Sebelum menceritakan bagaimana ia sampai termakan bujuk rayu Bambang Soetjipto, Alwan mengatakan alasan memilih Bambang mendampingi dirinya melawan Bank CIMB Niaga Surabaya adalah background dan jabatan Bambang sebagai Ketua DPC Peradi Sidoarjo.

“Namun, ketika hal ini saya sampaikan kepadanya, awalnya Bambang menolak mendampingi sebagai kuasa hukum saya dengan alasan bahwa perkara yang saya hadapi ini sangat berat,” kata Alwan dikantor pengacara Ir.
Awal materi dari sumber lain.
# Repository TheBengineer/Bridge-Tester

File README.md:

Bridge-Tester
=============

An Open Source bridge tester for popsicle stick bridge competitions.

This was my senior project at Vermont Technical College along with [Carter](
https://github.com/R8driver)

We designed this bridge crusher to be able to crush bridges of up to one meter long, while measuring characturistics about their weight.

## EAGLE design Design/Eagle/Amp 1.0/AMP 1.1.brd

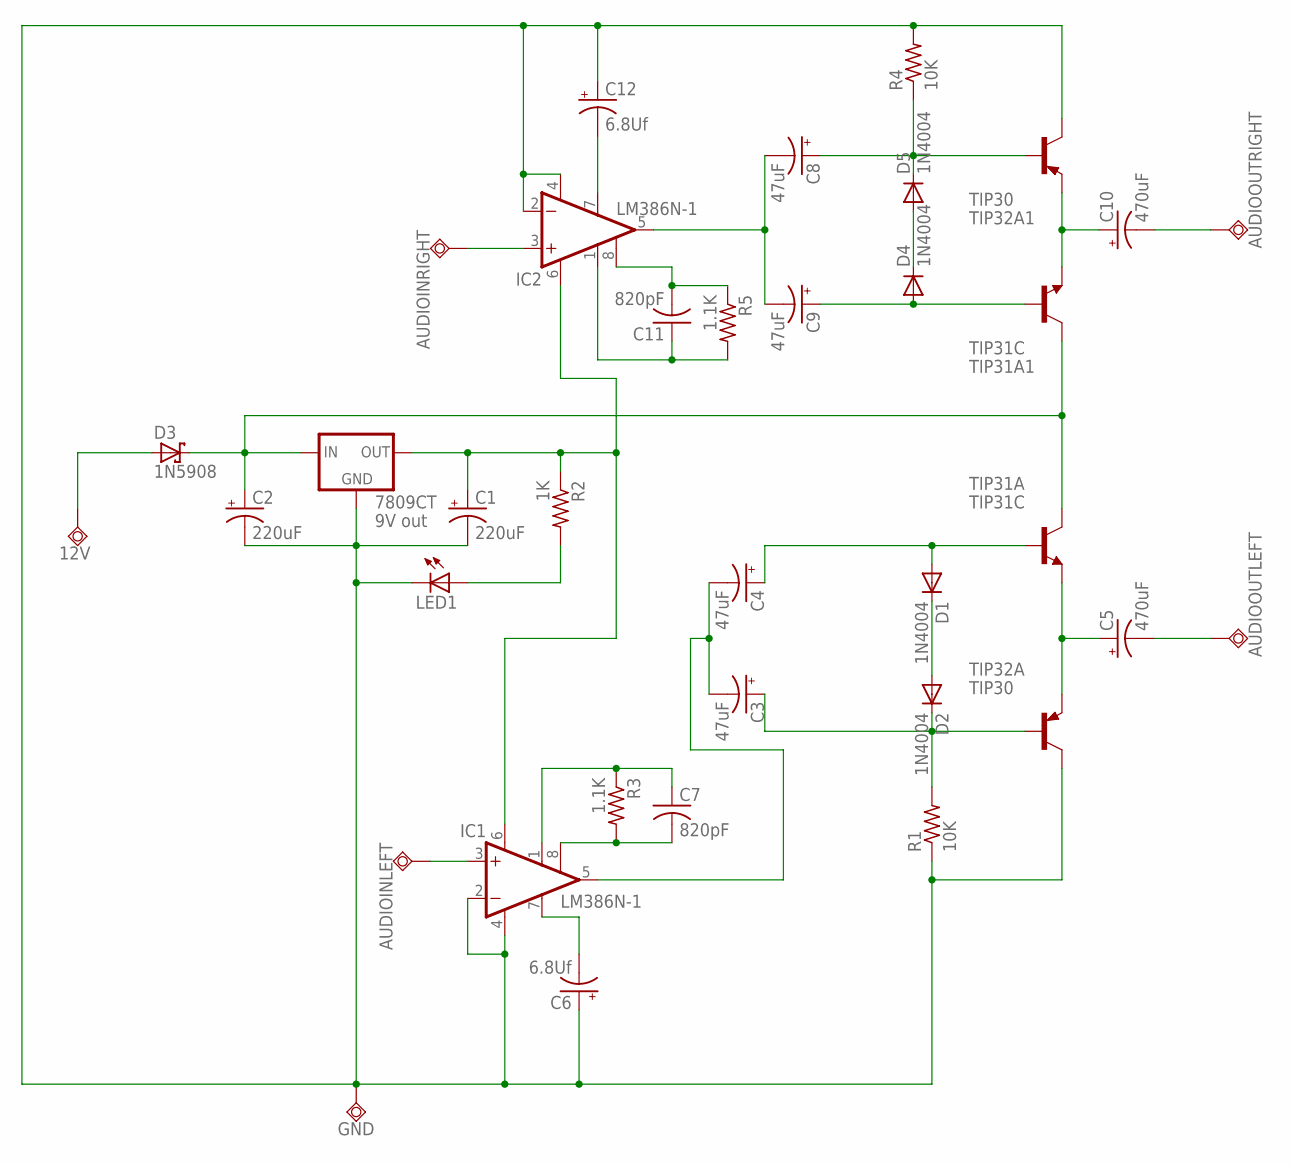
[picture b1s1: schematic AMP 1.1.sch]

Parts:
12V: TPSQPAD1-20; P1-20
7809CT: 9V out; 78XXL
AUDIOINLEFT: TPSQPAD1-20; P1-20
AUDIOINRIGHT: TPSQPAD1-20; P1-20
AUDIOOUTLEFT: TPSQPAD1-20; P1-20
AUDIOOUTRIGHT: TPSQPAD1-20; P1-20
C1, C2: 220uF; B45181C
C3, C4, C8, C9: 47uF; E5-4
C5, C10: 470uF; E5-4
C6, C12: 6.8Uf; E5-4
C7, C11: 820pF; C050-050X075
D1, D2, D4, D5: 1N4004; DO41-10
D3: 1N5908; C4111-15
GND: TPSQPAD1-20; P1-20
IC1, IC2: LM386N-1; DIL08
LED1: LED5MM
R1, R4: 10K; 0204/7
R2: 1K; 0204/7
R3, R5: 1.1K; 0204/7
TIP31A, TIP31A1: TIP31C; TO220
TIP32A, TIP32A1: TIP30; TO220

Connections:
unnamed: D1.C, D2.A
unnamed: C3.+, D2.C, R1.2, TIP32A.1 (B)
unnamed: C4.+, D1.A, TIP31A.1 (B)
unnamed: C5.+, TIP31A.3 (E), TIP32A.3 (E)
unnamed: AUDIOOUTLEFT.TP, C5.-
unnamed: 7809CT.IN, C2.+, D3.C, TIP31A.2 (C), TIP31A1.2 (C)
unnamed: AUDIOINLEFT.TP, IC1.3 (+IN)
unnamed: 7809CT.OUT, C1.+, IC1.6 (VS), IC2.6 (VS), R2.1
unnamed: C3.-, C4.-, IC1.5 (OUT)
unnamed: LED1.A, R2.2
unnamed: 12V.TP, D3.A
unnamed: C6.-, IC1.7 (BYPASS)
unnamed: C7.2, IC1.8 (GAIN), R3.2
unnamed: AUDIOINRIGHT.TP, IC2.3 (+IN)
unnamed: C7.1, IC1.1 (GAIN), R3.1
unnamed: C10.+, TIP31A1.3 (E), TIP32A1.3 (E)
unnamed: C8.+, D5.C, R4.1, TIP32A1.1 (B)
unnamed: C9.+, D4.A, TIP31A1.1 (B)
unnamed: D4.C, D5.A
unnamed: AUDIOOUTRIGHT.TP, C10.-
unnamed: C8.-, C9.-, IC2.5 (OUT)
unnamed: 7809CT.GND, C1.-, C2.-, C6.+, C12.+, GND.TP, IC1.2 (-IN), IC1.4 (GND), IC2.2 (-IN), IC2.4 (GND), LED1.K (C), R1.1, R4.2, TIP32A.2 (C), TIP32A1.2 (C)
unnamed: C11.2, IC2.8 (GAIN), R5.1
unnamed: C11.1, IC2.1 (GAIN), R5.2
unnamed: C12.-, IC2.7 (BYPASS)

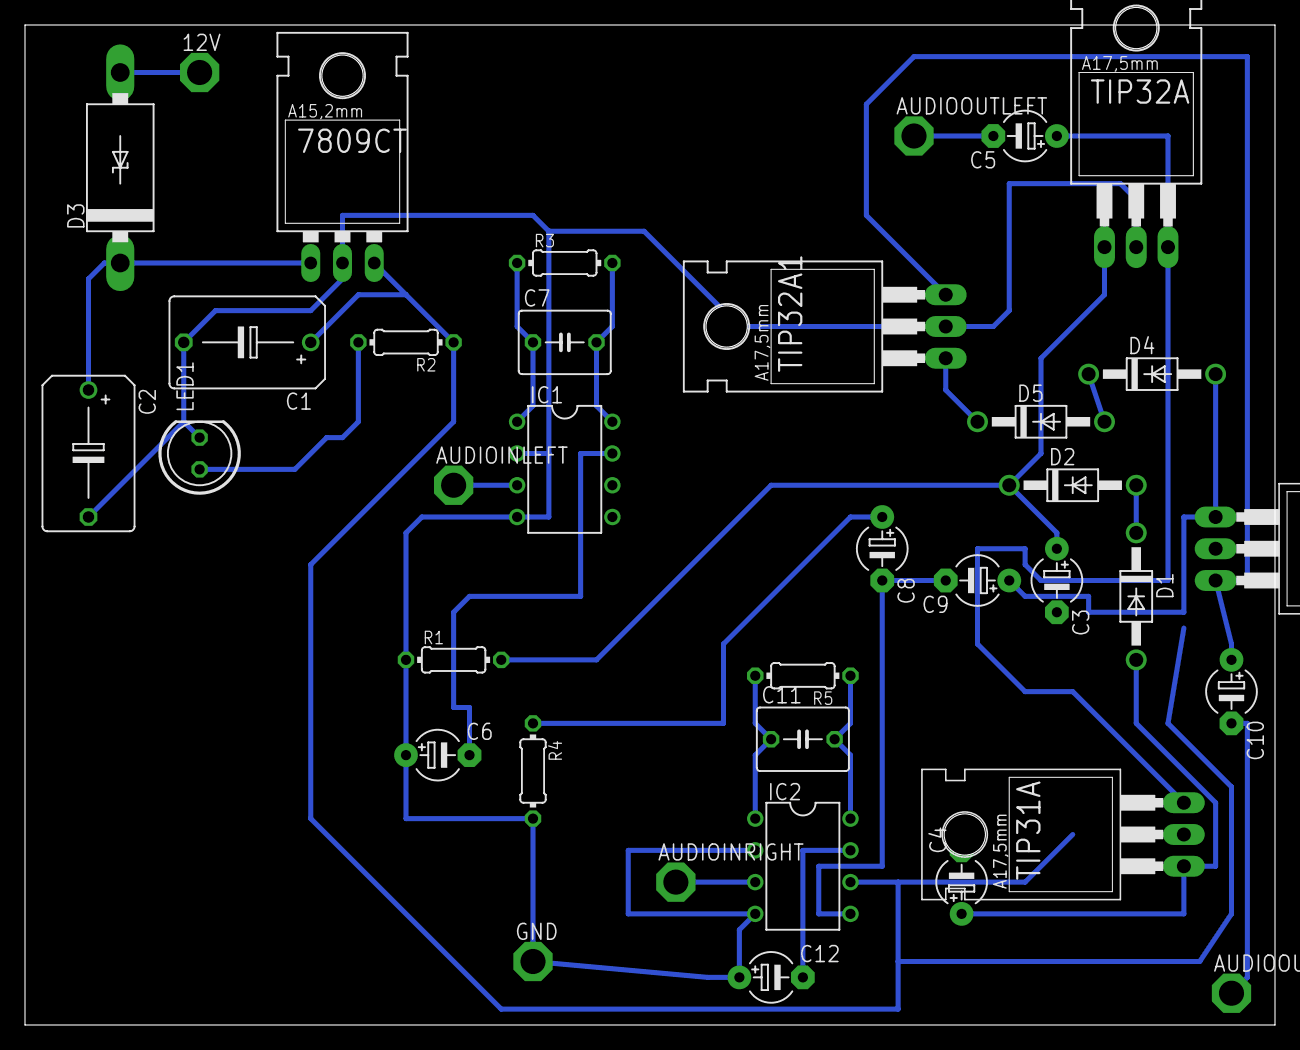
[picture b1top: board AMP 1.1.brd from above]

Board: 2 copper layers, 100.0 x 80.0 mm, 36 parts (0 on the bottom side), 25 nets.

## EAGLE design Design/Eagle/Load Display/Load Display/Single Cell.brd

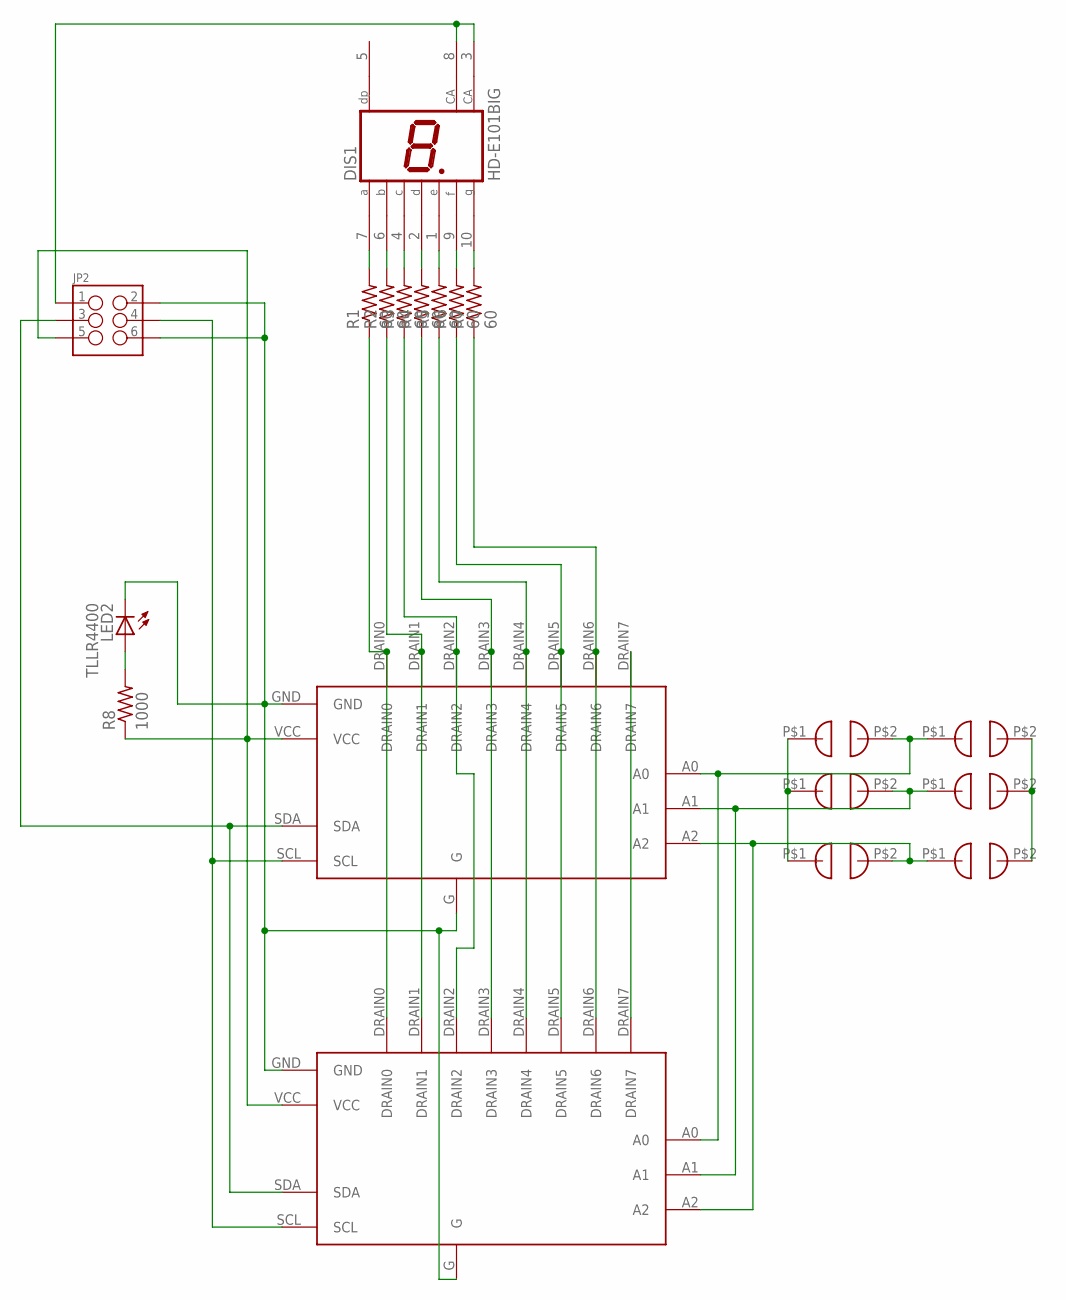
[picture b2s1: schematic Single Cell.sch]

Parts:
DIS1: HD-E101BIG; 7SEGMENT_BACKWARDS
JP2: M03X2SHROUD; 2X3-SHROUDED
LED2: TLLR4400; LED3MM
R1, R2, R3, R4, R5, R6, R7: 60; 0207/15
R8: 1000; 0207/15
U$1, U$3, U$4, U$5, U$6, U$7: SOLDER_JUMPER
U$2: LED_DRIVERBOARDADAFRUIT; DRIVER_BOARD_ADAFRUIT
U$8: LED_DRIVERBOARD; DRIVER_BOARD

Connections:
GND: JP2.2, JP2.6, LED2.K (C), U$1.P$1, U$2.G, U$2.GND, U$4.P$1, U$6.P$1, U$8.G, U$8.GND
unnamed: DIS1.7 (A), R1.2
unnamed: DIS1.6 (B), R2.2
unnamed: DIS1.4 (C), R3.2
unnamed: DIS1.2 (D), R4.2
unnamed: DIS1.1 (E), R5.2
unnamed: DIS1.9 (F), R6.2
unnamed: DIS1.10 (G), R7.2
unnamed: R1.1, U$2.DRAIN0, U$8.DRAIN0
unnamed: R2.1, U$2.DRAIN1, U$8.DRAIN1
unnamed: R3.1, U$2.DRAIN2, U$8.DRAIN2
unnamed: R4.1, U$2.DRAIN3, U$8.DRAIN3
unnamed: R5.1, U$2.DRAIN4, U$8.DRAIN4
unnamed: R6.1, U$2.DRAIN5, U$8.DRAIN5
unnamed: R7.1, U$2.DRAIN6, U$8.DRAIN6
unnamed: U$2.A1, U$4.P$2, U$5.P$1, U$8.A1
unnamed: U$2.A2, U$6.P$2, U$7.P$1, U$8.A2
unnamed: U$2.DRAIN7, U$8.DRAIN7
unnamed: LED2.A, R8.2
unnamed: U$1.P$2, U$2.A0, U$3.P$1, U$8.A0
SDA: JP2.3, U$2.SDA, U$8.SDA
SSCL: JP2.4, U$2.SCL, U$8.SCL
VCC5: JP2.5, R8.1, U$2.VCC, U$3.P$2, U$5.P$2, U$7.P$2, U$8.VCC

Eduard Rudy kepada sejumlah wartawan.

Tiba-tiba, beberapa minggu kemudian, Alwan mengaku ditelepon Bambang Soetjipto dan bersedia mendampinginya dengan alasan daripada perkara ini ditangani pengacara lain, lebih baik Bambang Soetjipto dan teamnya yang menanganinya.

“Saya terpaksa melaporkan advokat Bambang Soetjipto ke DK Peradi Jatim atas dugaan pelanggaran kode etik yang sudah ia lakukan. Sebagai seorang advokat, Bambang Soetjipto menjanjikan kemenangan atas perkara perlawanan lelang melawan Bank CIMB Niaga Surabaya,” ungkap Alwan didampingi Ir. Eduard Rudy, SH MH selaku kuasa hukumnya, Senin (15/2/2021).

Saat ini, lanjut Alwan, laporan itu sudah dikirimkan ke DK Peradi Jatim dan masih menunggu jadwal sidang kode etik.

Terkait janji memenangkan perkara yang pernah diucapkan advokat Bambang Soetjipto ketika itu, Alwan mengatakan, bahwa advokat Bambang Soetjipto meminta sejumlah uang kepadanya.

“Uang yang diminta Bambang Soetjipto ketika itu hingga ratusan juta. Saat meminta uang ke saya, Bambang Soetjipto sempat mencatut nama institusi pengadilan,” papar Alwan.

Alwan Noertjahjo saat memberikan keterangan di kantor pengacara Ir. Eduard Rudy. (FOTO : parlin/surabayaupdate.com)

Masih menurut pengakuan Alwan, uang ratusan juta yang diminta Bambang Soetjipto itu, katanya untuk memilih hakim dan untuk putusan sela.

“Biaya untuk memilih majelis hakim, Bambang Soetjipto meminta Rp. 60 juta, dan untuk membiayai putusan sela, ia meminta Rp. 200 juta,” ujar Alwan.

Dari jumlah Rp. 260 juta ini, lanjut Alwan, belum termasuk fee lawyer dan biaya operasional. Ketika seluruh uang yang ia minta sudah dipenuhi, kemenangan yang dijanjikan tidak ada. Saya malah kalah dipersidangan dan banyak aset yang tersita. Nilai aset yang disita itu berjumlah Rp. 5 miliar.

Yang membuat Alwan jengkel, begitu perkaranya kalah dan dinyatakan ditolak Pengadilan Negeri (PN) Lumajang, advokat Bambang Soetjipto maupun teamnya, malah tidak pernah menghubunginya sama sekali.

Alwi pun mengaku makin tersinggung ketika mengetahui bahwa sebagian uangnya dikembalikan Bambang Soetjipto tapi melalui PN Lumajang.

“Uang memang dikembalikan, namun dalam bentuk konsinyasi yang ditetapkan PN Lumajang. Tentu uang itu saya tolak. Sudah yang mengembalikan adalah PN Lumajang, uang yang diberikan itu jumlahnya tidak seimbang dengan yang sudah saya serahkan. Dan uang itu konsinyasi lagi,” tukas Alwan.

Alwan sengaja tidak menerima uang konsinyasi dari PN Lumajang itu dengan alasan bahwa Bambang terlihat lepas tanggung jawab.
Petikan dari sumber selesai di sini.